Mojokerto, 24 Mei 2026 – Menjelang Hari Raya Iduladha 1447 H, upaya meningkatkan kualitas penyembelihan hewan kurban di Kota Mojokerto semakin diperkuat melalui kegiatan bimbingan, pembinaan, pendampingan, dan sosialisasi tata cara penyembelihan halal yang digelar di Aula PCNU Kota Mojokerto, Minggu (24/5/2026). Kegiatan ini mempertemukan berbagai unsur masyarakat, mulai pengurus masjid, panitia kurban, hingga warga yang memiliki perhatian terhadap praktik penyembelihan sesuai syariat.
Penyelenggara kegiatan, Gus Hidayat Muslim, menyampaikan apresiasi kepada seluruh pihak yang terlibat dalam pelaksanaan acara tersebut. Menurutnya, kegiatan ini tidak hanya menjadi forum belajar, tetapi juga sarana membangun kesiapan masyarakat dalam menyelenggarakan ibadah kurban yang lebih baik.
“Ilmu yang diperoleh hari ini diharapkan dapat diterapkan langsung di lapangan agar pelaksanaan kurban semakin berkualitas, halal, dan thayyib,” ujarnya.

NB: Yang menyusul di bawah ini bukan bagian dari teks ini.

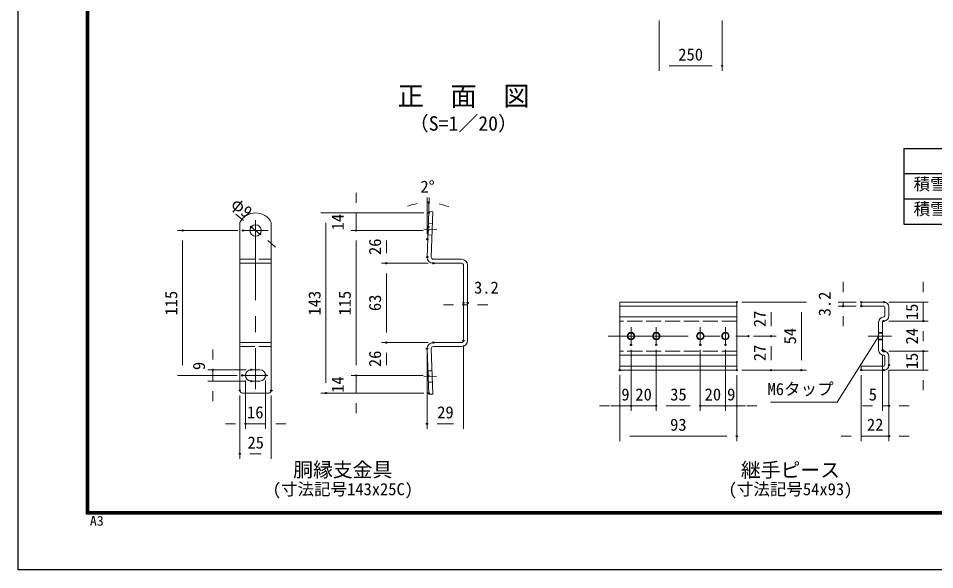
# Model space of a CAD drawing. Units: millimetres, scale not verified, with parts at other scales. Extents: x -4200 to 4200, y -2970 to 2970.
# Drawn here: x -4200 to -562, y -2970 to -782 of the extents above; entities that cross this region are included whole.
import ezdxf
from ezdxf.enums import TextEntityAlignment as Align

# ---------------------------------------------------------------- set-up
doc = ezdxf.new("R2010")
doc.units = ezdxf.units.MM
doc.header["$LTSCALE"] = 10
doc.header["$PDMODE"] = 32
doc.header["$PDSIZE"] = 5
for name, pattern in [('DASHED', [7.5, 6, -1.5]), ('USER1', [50.8, 31.75, -6.35, 6.35, -6.35]), ('USER2', [0.375, 0.25, -0.125])]:
    doc.linetypes.add(name, pattern=pattern)
for name, color, linetype, lineweight in [('0-0_D-TTL', 2, 'Continuous', 25), ('0-1_D-TTL-TXT', 7, 'Continuous', 25), ('0-2_D-BMK', 2, 'USER1', 13), ('0-6_D-STR3', 3, 'Continuous', 13), ('0-8_D-STR-DIM', 7, 'Continuous', 13), ('0-9_0', 7, 'Continuous', 25), ('0-B_D-STR-TXT', 7, 'Continuous', 13)]:
    doc.layers.add(name, color=color, linetype=linetype, lineweight=lineweight)
doc.layers.add('0-A_Defpoints', color=8, linetype='Continuous')
doc.styles.add('ＭＳ ゴシック', font='')
doc.styles.get('ＭＳ ゴシック').set_extended_font_data('MS Gothic')

msp = doc.modelspace()

# ---------------------------------------------------------------- linework, layer by layer
at = {"layer": '0-0_D-TTL'}
for points in [[(-4199.92, 2969.8), (4200.08, 2969.8), (4200.08, -2970.2), (-4199.92, -2970.2)], [(-3929.92, 2749.8), (3930.08, 2749.8), (3930.08, -2750.2), (-3929.92, -2750.2)], [(-3927.42, 2747.3), (3927.58, 2747.3), (3927.58, -2747.7), (-3927.42, -2747.7)], [(-3924.92, 2744.8), (3925.08, 2744.8), (3925.08, -2745.2), (-3924.92, -2745.2)], [(-3922.42, 2742.3), (3922.58, 2742.3), (3922.58, -2742.7), (-3922.42, -2742.7)], [(-3919.92, 2739.8), (3920.08, 2739.8), (3920.08, -2740.2), (-3919.92, -2740.2)]]:
    msp.add_lwpolyline(points, close=True, dxfattribs=at)
at = {"layer": '0-2_D-BMK'}
for p, q in [((-3258.07, -1582.36), (-3258.07, -2253.95)), ((-3308.07, -1623.92), (-3208.07, -1623.92)), ((-2539.01, -1620.18), (-2589.62, -1618.41)), ((-1767.48, -2008.19), (-1767.48, -2078.19)), ((-1667.48, -2008.19), (-1667.48, -2078.19)), ((-1492.48, -2008.19), (-1492.48, -2078.19)), ((-1392.48, -2008.19), (-1392.48, -2078.19)), ((-1858.72, -2043.19), (-1301.24, -2043.19)), ((-825.9, -2043.19), (-733.58, -2043.19)), ((-3311.02, -2198.92), (-3209.54, -2198.92)), ((-2539.01, -2202.66), (-2589.62, -2204.43))]:
    msp.add_line(p, q, dxfattribs=at)
at = {"layer": '0-6_D-STR3'}
for p, q in [((-2570.19, -1549.04), (-2576.47, -1729.08)), ((-2554.2, -1549.6), (-2570.19, -1549.04)), ((-2554.2, -1549.6), (-2560.48, -1729.64)), ((-3320.57, -1592.4), (-3320.57, -2258.92)), ((-3195.57, -1592.4), (-3195.57, -2258.92)), ((-2555.85, -1597.07), (-2571.84, -1596.52)), ((-2557.42, -1642.05), (-2573.41, -1641.49)), ((-2440.34, -1737.92), (-2552.49, -1737.92)), ((-3320.57, -1753.92), (-3195.57, -1753.92)), ((-2440.34, -1753.92), (-2552.49, -1753.92)), ((-2432.34, -1761.92), (-2432.34, -2060.92)), ((-2416.34, -1761.92), (-2416.34, -2060.92)), ((-1812.48, -1908.19), (-1812.48, -2178.19)), ((-1812.48, -1908.19), (-1347.48, -1908.19)), ((-1812.48, -1924.19), (-1347.48, -1924.19)), ((-1347.48, -1908.19), (-1347.48, -2178.19)), ((-853.53, -1908.19), (-853.53, -1924.19)), ((-853.53, -1908.19), (-763.53, -1908.19)), ((-853.53, -1924.19), (-763.53, -1924.19)), ((-759.53, -1928.19), (-759.53, -1963.19)), ((-743.53, -1928.19), (-743.53, -1963.19)), ((-1347.48, -1967.19), (-1812.48, -1967.19)), ((-784.53, -1987.19), (-784.53, -2099.19)), ((-768.53, -1987.19), (-768.53, -2099.19)), ((-764.53, -1967.19), (-763.53, -1967.19)), ((-764.53, -1983.19), (-763.53, -1983.19)), ((-3320.57, -2068.92), (-3195.57, -2068.92)), ((-2440.34, -2068.92), (-2552.49, -2068.92)), ((-2576.47, -2093.76), (-2570.19, -2273.79)), ((-2560.48, -2093.2), (-2554.2, -2273.24)), ((-2440.34, -2084.92), (-2552.49, -2084.92)), ((-764.53, -2103.19), (-763.53, -2103.19)), ((-1347.48, -2119.19), (-1812.48, -2119.19)), ((-764.53, -2119.19), (-763.53, -2119.19)), ((-759.53, -2123.19), (-759.53, -2158.19)), ((-743.53, -2123.19), (-743.53, -2158.19)), ((-3240.57, -2176.42), (-3275.57, -2176.42)), ((-2557.42, -2180.79), (-2573.41, -2181.35)), ((-1812.48, -2162.19), (-1347.48, -2162.19)), ((-1812.48, -2178.19), (-1347.48, -2178.19)), ((-853.53, -2162.19), (-763.53, -2162.19)), ((-853.53, -2162.19), (-853.53, -2178.19)), ((-853.53, -2178.19), (-763.53, -2178.19)), ((-3240.57, -2221.42), (-3275.57, -2221.42)), ((-2555.85, -2225.76), (-2571.84, -2226.32)), ((-3205.57, -2268.92), (-3310.57, -2268.92)), ((-2554.2, -2273.24), (-2570.19, -2273.79))]:
    msp.add_line(p, q, dxfattribs=at)
at = {"layer": '0-6_D-STR3', "linetype": 'DASHED'}
for p, q in [((-3320.57, -1737.92), (-3195.57, -1737.92)), ((-1347.48, -1983.19), (-1812.48, -1983.19)), ((-3320.57, -2084.92), (-3195.57, -2084.92)), ((-1347.48, -2103.19), (-1812.48, -2103.19))]:
    msp.add_line(p, q, dxfattribs=at)
at = {"layer": '0-6_D-STR3', "linetype": 'USER2'}
for p, q in [((-784.53, -2028.19), (-768.53, -2028.19)), ((-784.53, -2030.9), (-768.53, -2030.9)), ((-784.53, -2055.49), (-768.53, -2055.49)), ((-784.53, -2058.19), (-768.53, -2058.19))]:
    msp.add_line(p, q, dxfattribs=at)
at = {"layer": '0-6_D-STR3'}
for centre, radius in [((-3258.07, -1623.92), 22.5), ((-1767.48, -2043.19), 15), ((-1767.48, -2043.19), 12.29), ((-1667.48, -2043.19), 15), ((-1667.48, -2043.19), 12.29), ((-1492.48, -2043.19), 15), ((-1492.48, -2043.19), 12.29), ((-1392.48, -2043.19), 15), ((-1392.48, -2043.19), 12.29)]:
    msp.add_circle(centre, radius, dxfattribs=at)
for centre, radius, start, end in [((-3258.07, -1623.92), 70, 26.7655, 153.2345), ((-2552.49, -1729.92), 24, 178, 270), ((-2552.49, -1729.92), 8, 178, 270), ((-2440.34, -1761.92), 24, 0, 90), ((-2440.34, -1761.92), 8, 0, 90), ((-763.53, -1928.19), 20, 0, 90), ((-763.53, -1928.19), 4, 0, 90), ((-763.53, -1963.19), 4, 270, 0), ((-763.53, -1963.19), 20, 270, 0), ((-764.53, -1987.19), 20, 90, 180), ((-764.53, -1987.19), 4, 90, 180), ((-2552.49, -2092.92), 24, 90, 182), ((-2440.34, -2060.92), 8, 270, 0), ((-2440.34, -2060.92), 24, 270, 0), ((-2552.49, -2092.92), 8, 90, 182), ((-764.53, -2099.19), 20, 180, 270), ((-764.53, -2099.19), 4, 180, 270), ((-763.53, -2123.19), 20, 0, 90), ((-763.53, -2123.19), 4, 0, 90), ((-3275.57, -2198.92), 22.5, 90, 270), ((-3240.57, -2198.92), 22.5, 270, 90), ((-763.53, -2158.19), 4, 270, 0), ((-763.53, -2158.19), 20, 270, 0), ((-3310.57, -2258.92), 10, 180, 270), ((-3205.57, -2258.92), 10, 270, 0)]:
    msp.add_arc(centre, radius, start, end, dxfattribs=at)
at = {"layer": '0-8_D-STR-DIM'}
for p, q in [((-1655.77, -790.35), (-1655.77, -990.35)), ((-1405.77, -790.35), (-1405.77, -990.35)), ((-1615.77, -970.35), (-1445.77, -970.35)), ((-2858.75, -1513.92), (-2858.75, -1473.92)), ((-2576.47, -1638.72), (-2576.47, -1492.89)), ((-2571.61, -1589.84), (-2568.23, -1493.04)), ((-3306.15, -1583.99), (-3336.92, -1558.43)), ((-2590.36, -1553.92), (-2998.75, -1553.92)), ((-2590.36, -1553.92), (-2878.75, -1553.92)), ((-2858.75, -1553.92), (-2858.75, -1623.92)), ((-2978.75, -1593.92), (-2978.75, -2228.92)), ((-3328.07, -1623.92), (-3567.84, -1623.92)), ((-3240.76, -1638.29), (-3275.38, -1609.54)), ((-2592.8, -1623.92), (-2878.75, -1623.92)), ((-2592.8, -1623.92), (-2878.75, -1623.92)), ((-2592.8, -1623.92), (-2758.75, -1623.92)), ((-3547.84, -2158.92), (-3547.84, -1663.92)), ((-3209.99, -1663.85), (-3179.22, -1689.41)), ((-2858.75, -1663.92), (-2858.75, -1703.92)), ((-2858.75, -1663.92), (-2858.75, -2158.92)), ((-2738.75, -1663.92), (-2738.75, -1713.92)), ((-2572.49, -1753.92), (-2758.75, -1753.92)), ((-2572.49, -1753.92), (-2758.75, -1753.92)), ((-2738.75, -1793.92), (-2738.75, -2028.92)), ((-925.63, -1868.19), (-925.63, -1828.19)), ((-607.16, -1868.19), (-607.16, -1828.19)), ((-2472.34, -1919.35), (-2512.34, -1919.35)), ((-2416.34, -1919.35), (-2432.34, -1919.35)), ((-2376.34, -1919.35), (-2336.34, -1919.35)), ((-1327.48, -1908.19), (-1191.11, -1908.19)), ((-1327.48, -1908.19), (-1071.11, -1908.19)), ((-873.53, -1908.19), (-945.63, -1908.19)), ((-873.53, -1924.19), (-945.63, -1924.19)), ((-925.63, -1908.19), (-925.63, -1924.19)), ((-743.53, -1908.19), (-587.16, -1908.19)), ((-607.16, -1908.19), (-607.16, -1983.19)), ((-2432.34, -1931.42), (-2432.34, -1939.35)), ((-2416.34, -1931.42), (-2416.34, -1939.35)), ((-1211.11, -1948.19), (-1211.11, -2003.19)), ((-1091.11, -1948.19), (-1091.11, -2138.19)), ((-925.63, -1964.19), (-925.63, -2004.19)), ((-744.03, -1983.19), (-587.16, -1983.19)), ((-744.03, -1983.19), (-587.16, -1983.19)), ((-607.16, -2023.19), (-607.16, -2063.19)), ((-607.16, -2023.19), (-607.16, -2063.19)), ((-607.16, -2063.19), (-607.16, -2023.19)), ((-2572.49, -2068.92), (-2758.75, -2068.92)), ((-2572.49, -2068.92), (-2758.75, -2068.92)), ((-1281.24, -2043.19), (-1191.11, -2043.19)), ((-1281.24, -2043.19), (-1191.11, -2043.19)), ((-3427.84, -2136.42), (-3427.84, -2096.42)), ((-2738.75, -2158.92), (-2738.75, -2108.92)), ((-2432.34, -2080.92), (-2432.34, -2410.79)), ((-1767.48, -2098.19), (-1767.48, -2339.85)), ((-1767.48, -2098.19), (-1767.48, -2339.85)), ((-1667.48, -2098.19), (-1667.48, -2339.85)), ((-1667.48, -2098.19), (-1667.48, -2339.85)), ((-1492.48, -2098.19), (-1492.48, -2339.85)), ((-1492.48, -2098.19), (-1492.48, -2339.85)), ((-1392.48, -2098.19), (-1392.48, -2339.85)), ((-1392.48, -2098.19), (-1392.48, -2339.85)), ((-1211.11, -2083.19), (-1211.11, -2138.19)), ((-744.03, -2103.19), (-587.16, -2103.19)), ((-743.53, -2103.19), (-587.16, -2103.19)), ((-607.16, -2178.19), (-607.16, -2103.19)), ((-2858.75, -2158.92), (-2858.75, -2118.92)), ((-2577.34, -2112.83), (-2577.34, -2410.79)), ((-768.53, -2119.19), (-768.53, -2339.85)), ((-3295.57, -2176.42), (-3447.84, -2176.42)), ((-3427.84, -2221.42), (-3427.84, -2176.42)), ((-1327.48, -2178.19), (-1191.11, -2178.19)), ((-1327.48, -2178.19), (-1071.11, -2178.19)), ((-743.53, -2178.19), (-743.53, -2339.85)), ((-743.53, -2178.19), (-743.53, -2459.85)), ((-743.53, -2178.19), (-587.16, -2178.19)), ((-3331.02, -2198.92), (-3567.84, -2198.92)), ((-3298.07, -2218.92), (-3298.07, -2410.79)), ((-3218.07, -2218.92), (-3218.07, -2410.79)), ((-2592.8, -2198.92), (-2878.75, -2198.92)), ((-2592.8, -2198.92), (-2878.75, -2198.92)), ((-2858.75, -2268.92), (-2858.75, -2198.92)), ((-2592.8, -2198.92), (-2758.75, -2198.92)), ((-1812.48, -2198.19), (-1812.48, -2339.85)), ((-1812.48, -2198.19), (-1812.48, -2459.85)), ((-1347.48, -2198.19), (-1347.48, -2339.85)), ((-1347.48, -2198.19), (-1347.48, -2459.85)), ((-853.53, -2198.19), (-853.53, -2459.85)), ((-607.16, -2218.19), (-607.16, -2258.19)), ((-3295.57, -2221.42), (-3447.84, -2221.42)), ((-3427.84, -2261.42), (-3427.84, -2301.42)), ((-3320.57, -2278.92), (-3320.57, -2530.79)), ((-3195.57, -2278.92), (-3195.57, -2530.79)), ((-2590.36, -2268.92), (-2998.75, -2268.92)), ((-2590.36, -2268.92), (-2878.75, -2268.92)), ((-2858.75, -2308.92), (-2858.75, -2348.92)), ((-1852.48, -2319.85), (-1892.48, -2319.85)), ((-1807.48, -2319.85), (-1847.48, -2319.85)), ((-1812.48, -2319.85), (-1767.48, -2319.85)), ((-1767.48, -2319.85), (-1667.48, -2319.85)), ((-1727.48, -2319.85), (-1687.48, -2319.85)), ((-1627.48, -2319.85), (-1587.48, -2319.85)), ((-1627.48, -2319.85), (-1532.48, -2319.85)), ((-1532.48, -2319.85), (-1572.48, -2319.85)), ((-1492.48, -2319.85), (-1392.48, -2319.85)), ((-1432.48, -2319.85), (-1472.48, -2319.85)), ((-1392.48, -2319.85), (-1347.48, -2319.85)), ((-1352.48, -2319.85), (-1312.48, -2319.85)), ((-1307.48, -2319.85), (-1267.48, -2319.85)), ((-808.53, -2319.85), (-848.53, -2319.85)), ((-768.53, -2319.85), (-743.53, -2319.85)), ((-703.53, -2319.85), (-663.53, -2319.85)), ((-3338.07, -2390.79), (-3378.07, -2390.79)), ((-3218.07, -2390.79), (-3298.07, -2390.79)), ((-3178.07, -2390.79), (-3138.07, -2390.79)), ((-2472.34, -2390.79), (-2537.34, -2390.79)), ((-1772.48, -2439.85), (-1387.48, -2439.85)), ((-893.53, -2439.85), (-933.53, -2439.85)), ((-853.53, -2439.85), (-743.53, -2439.85)), ((-703.53, -2439.85), (-663.53, -2439.85)), ((-3235.57, -2510.79), (-3280.57, -2510.79))]:
    msp.add_line(p, q, dxfattribs=at)
for start, end in [(100.61635, 111.2327), (88, 90), (66.7673, 77.38365)]:
    msp.add_arc((-2576.47, -1729.08), 216.19, start, end, dxfattribs=at)
at = {"layer": '0-9_0'}
for p, q in [((-683.95, -1298.2), (296.05, -1298.2)), ((-683.95, -1298.2), (-683.95, -1598.2)), ((-683.95, -1398.2), (296.05, -1398.2)), ((-683.95, -1498.2), (296.05, -1498.2)), ((-683.95, -1598.2), (296.05, -1598.2))]:
    msp.add_line(p, q, dxfattribs=at)
at = {"layer": '0-A_Defpoints'}
for p in [(-1405.77, -970.35), (-2571.44, -1512.95), (-2570.36, -1553.92), (-3547.84, -1623.92), (-3308.07, -1623.92), (-3275.38, -1609.54), (-3240.76, -1638.29), (-2858.75, -1623.92), (-2572.8, -1623.92), (-2572.31, -1609.83), (-2576.47, -1658.72), (-2576.47, -1729.08), (-2738.75, -1753.92), (-2552.49, -1753.92), (-2552.49, -1753.92), (-2432.34, -1911.42), (-2432.34, -1919.35), (-2416.34, -1911.42), (-1347.48, -1908.19), (-925.63, -1924.19), (-853.53, -1908.19), (-853.53, -1924.19), (-763.53, -1908.19), (-764.03, -1983.19), (-607.16, -1983.19), (-2738.75, -2068.92), (-2738.75, -2068.92), (-2552.49, -2068.92), (-2552.49, -2068.92), (-2432.34, -2060.92), (-1301.24, -2043.19), (-1211.11, -2043.19), (-2577.34, -2092.83), (-1767.48, -2078.19), (-1667.48, -2078.19), (-1492.48, -2078.19), (-1392.48, -2078.19), (-768.53, -2099.19), (-764.03, -2103.19), (-763.53, -2103.19), (-607.16, -2103.19), (-607.16, -2103.19), (-3427.84, -2176.42), (-3275.57, -2176.42), (-1812.48, -2178.19), (-1347.48, -2178.19), (-1347.48, -2178.19), (-1211.11, -2178.19), (-1091.11, -2178.19), (-853.53, -2178.19), (-763.53, -2178.19), (-743.53, -2158.19), (-3311.02, -2198.92), (-3298.07, -2198.92), (-3275.57, -2221.42), (-3218.07, -2198.92), (-2858.75, -2198.92), (-2858.75, -2198.92), (-2572.8, -2198.92), (-2572.8, -2198.92), (-3320.57, -2258.92), (-3195.57, -2258.92), (-2978.75, -2268.92), (-2570.36, -2268.92), (-2570.36, -2268.92), (-1767.48, -2319.85), (-1667.48, -2319.85), (-1492.48, -2319.85), (-1392.48, -2319.85), (-1347.48, -2319.85), (-743.53, -2319.85), (-3298.07, -2390.79), (-2577.34, -2390.79), (-1347.48, -2439.85), (-743.53, -2439.85), (-3320.57, -2510.79)]:
    msp.add_point(p, dxfattribs=at)
at = {"layer": '0-B_D-STR-TXT'}
msp.add_lwpolyline([(-1214.35, -2305.69), (-949.08, -2305.69), (-785.6, -2044.88)], dxfattribs=at)

# ---------------------------------------------------------------- texts
at = {"layer": '0-0_D-TTL', "style": 'ＭＳ ゴシック', "width": 1.05}
msp.add_text('A3', height=38.49, dxfattribs=at).set_placement((-3916, -2807.01), align=Align.BOTTOM_LEFT)
at = {"layer": '0-1_D-TTL-TXT', "style": 'ＭＳ ゴシック'}
for s, height, p in [('正\u3000面\u3000図', 76.98, (-2694.67, -1151.75)), ('（S=1／20）', 57.7, (-2649.19, -1244.94)), ('積雪地', 48.09, (-645.48, -1477.9)), ('積雪寒冷地', 48.09, (-645.48, -1576.88)), ('胴縁支金具', 57.7, (-3108.68, -2619.41)), ('継手ピース', 57.7, (-1331.36, -2620.63)), ('(寸法記号143x25C)', 48.09, (-3189.9, -2688.98)), ('(寸法記号54x93)', 48.09, (-1380.09, -2688.98))]:
    msp.add_text(s, height=height, dxfattribs=at).set_placement(p, align=Align.BOTTOM_LEFT)
at = {"layer": '0-8_D-STR-DIM', "style": 'ＭＳ ゴシック'}
for s, p in [('250', (-1579.77, -963.6)), ('3.2', (-2390.61, -1888.81)), ('9', (-1805.95, -2313.1)), ('20', (-1750.23, -2313.1)), ('35', (-1611.95, -2313.1)), ('20', (-1475.23, -2313.1)), ('9', (-1385.95, -2313.1)), ('5', (-823.85, -2313.1)), ('16', (-3291.94, -2384.04)), ('29', (-2536.94, -2384.04)), ('93', (-1612.2, -2433.1)), ('22', (-830.76, -2433.1)), ('25', (-3290.17, -2504.04))]:
    msp.add_text(s, height=48.09, dxfattribs=at).set_placement(p, align=Align.BOTTOM_LEFT)
for s, rotation, p in [('2°', 359.922, (-2603.69, -1488.39)), ('φ9', 320.289, (-3368.55, -1536.77)), ('14', 90, (-2893.49, -1623.44)), ('26', 90, (-2745.49, -1721.14)), ('115', 90, (-3554.59, -1961.42)), ('143', 90, (-2985.49, -1961.42)), ('115', 90, (-2865.49, -1961.42)), ('63', 90, (-2745.49, -1943.77)), ('3.2', 90, (-960.38, -1964.54)), ('15', 90, (-613.91, -1979.44)), ('27', 90, (-1217.86, -2007.54)), ('54', 90, (-1097.86, -2075.94)), ('24', 90, (-613.91, -2076.07)), ('26', 90, (-2745.49, -2166.14)), ('27', 90, (-1217.86, -2142.54)), ('15', 90, (-613.91, -2174.44)), ('9', 90, (-3444.48, -2177.93)), ('14', 90, (-2893.49, -2268.44))]:
    msp.add_text(s, height=48.09, rotation=rotation, dxfattribs=at).set_placement(p, align=Align.BOTTOM_LEFT)
at = {"layer": '0-B_D-STR-TXT', "style": 'ＭＳ ゴシック'}
msp.add_text('M6タップ', height=48.09, dxfattribs=at).set_placement((-1225.53, -2291.74), align=Align.BOTTOM_LEFT)

doc.saveas('drawing.dxf')

Dari sisi keagamaan, perwakilan MUI Kota Mojokerto, KH. Muthoharun Afif, menegaskan bahwa pemahaman tentang penyembelihan halal tidak boleh berhenti pada aspek teknis semata. Ia menekankan pentingnya memadukan ketentuan syariat dengan perhatian terhadap kesehatan hewan.
Menurutnya, pemahaman yang benar akan memastikan keabsahan ibadah kurban sekaligus menjamin daging yang dikonsumsi masyarakat memenuhi prinsip halal, baik, dan memiliki nilai sosial.
Hal senada disampaikan Ketua PCNU Kota Mojokerto, KH. Moh. Shodiqin Marzuqon. Ia menilai kegiatan edukatif seperti ini penting agar masyarakat lebih memahami prosedur penyembelihan dan tidak diliputi keraguan dalam mengonsumsi daging kurban.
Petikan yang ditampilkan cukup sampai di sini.